2.4.4 Others 2.4.4.1 Mannitol d-Mannitol is a six-carbon sugar alcohol widely distributed in bacteria (Wisselink et al., 2002), fungi (Allaway and Jennings, 1970), plants (Stoop et al., 1996), and algae (Black, 1948; Karsten et al., 1992; Richter and Kirst, 1987). In these organisms mannitol has numerous functions, including osmoregulator, scavenger of reactive oxygen species, and reducing agent (Iwamoto and Shiraiwa, 2005). In brown algae, mannitol is a storage carbohydrate (Black, 1948) and can act as an osmoprotectant or local osmolyte (Dittami et al., 2011). It can represent 20–30% of brown seaweed’s dry weight (Reed et al., 1985), depending upon the harvest period and the amount of nutritive salt present in the water (Chapman and Craigie, 1977; Schiener et al., 2015). It is also found in red macroalgae Caloglossa (Karsten et al., 1992) and in microalgae Dixoniella grisea and Rhodella ssp. (Karsten et al., 1999). The biosynthesis of mannitol for red algae is unusual, since floridoside, isofloridoside, and digeneaside (Section 2.5.3.2) are the well-known photosynthesis products (Iwamoto and Shiraiwa, 2005), suggesting that some genetic variations occur between species. Therefore, the presence of specific carbohydrates in certain red algae, such as mannitol in Caloglossa, could be explained by reactivation of formerly silenced genes (Karsten et al., 1999). Mannitol in response to photosynthesis is also present in green microalgae Platymonas subcordiformis (Richter and Kirst, 1987), Tetraselmis, Nannochloris, and Stichococcus (Craigie et al., 1966). Mannitol is extracted from brown seaweed using a hydrochloric acid solution (0.09 N). This mixture is evaporated, dried, and treated with boiling methanol (5 h).

2 Types of carbohydrates

The precipitation is realized at 5°C during 16 h. The precipitate is isolated and dried (Black et al., 1951). Sometimes the extraction with dilute acid is omitted, and the extraction of mannitol is realized with ethanol or methanol (Black et al., 1951; Mian and Percival, 1973). Mannitol is authorized as a food and drug ingredient. However, the mannitol found on the market is mostly produced by the hydrogenation of fructose or sucrose (Jamieson, 2011). Mannitol is quite attractive for several food applications due to its low glycemic and insulinemic indexes (∼0) (Livesey, 2003). In addition, only 25% of ingested mannitol is absorbed by the organism and thereafter completely excreted in the urine. The remaining 75% is fermented by the microbiota. Mannitol is also tooth friendly and low caloric, which allows it to be a good sweetener in regular and sugar-restricted food (Jamieson, 2011; Livesey, 2003). Its physicochemical properties, such as low hygroscopicity and strong inertness, make it an excellent bulking agent in food. For diabetic patients, mannitol is used for the manufacture of sugar-free chocolates and coatings that would subsequently enrobe ice cream, marshmallows, and butter creams (Jamieson, 2011). It is also found in chewing gum in small percentages both in the gum and on the surface to prevent it from sticking to equipment and wrapping (Jamieson, 2011). Mannitol is gaining popularity in pharmaceutical applications due to its physicochemical properties. Its low hygroscopicity, strong inertness, and good compactibility (high stability and low friability tablet) (Ohrem et al., 2014) make it suitable for such applications. Mannitol is used in chewable tablets and granulated powders. In medicine, mannitol is also used in intravenous fluids as a diuretic agent (Soetaert et al., 1999). The accumulation of mannitol and laminaran in seaweed is also regarded as a source of carbon for ethanol production (Adams et al., 2009; Horn et al., 2000).

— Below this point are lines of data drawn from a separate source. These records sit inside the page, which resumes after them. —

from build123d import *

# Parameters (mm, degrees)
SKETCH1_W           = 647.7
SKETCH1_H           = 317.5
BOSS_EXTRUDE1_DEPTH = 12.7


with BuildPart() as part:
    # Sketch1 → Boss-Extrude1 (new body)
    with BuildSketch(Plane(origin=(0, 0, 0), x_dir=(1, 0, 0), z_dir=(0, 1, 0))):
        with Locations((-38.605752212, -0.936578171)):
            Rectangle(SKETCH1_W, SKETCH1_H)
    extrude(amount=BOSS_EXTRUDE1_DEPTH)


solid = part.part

2.5  NONFOOD GRADE POLYSACCHARIDES 2.5.1  Fucose-containing sulfated polysaccharides/fucoidan 2.5.1.1 Source Fucose-containing sulfated polysaccharides (FCSP), of which fucoidan is the most well known, are structural polysaccharides present in the cell wall of brown algae. FCSP are present in significant quantities (2–10%) (Indegaard and Minsaas, 1991) in algae, which varies depending on the species and environmental conditions of the algae (Percival and McDowell, 1967). These polysaccharides are mostly found in algae from the family of Fucaceae and Laminariaceae that are distributed worldwide. FCSP (fucoidan) is also found in sea cucumbers and sea urchin eggs (Nagaoka et al., 2000; Pereira et al., 1999), but only FCSP extracted from algae will be discussed in this chapter.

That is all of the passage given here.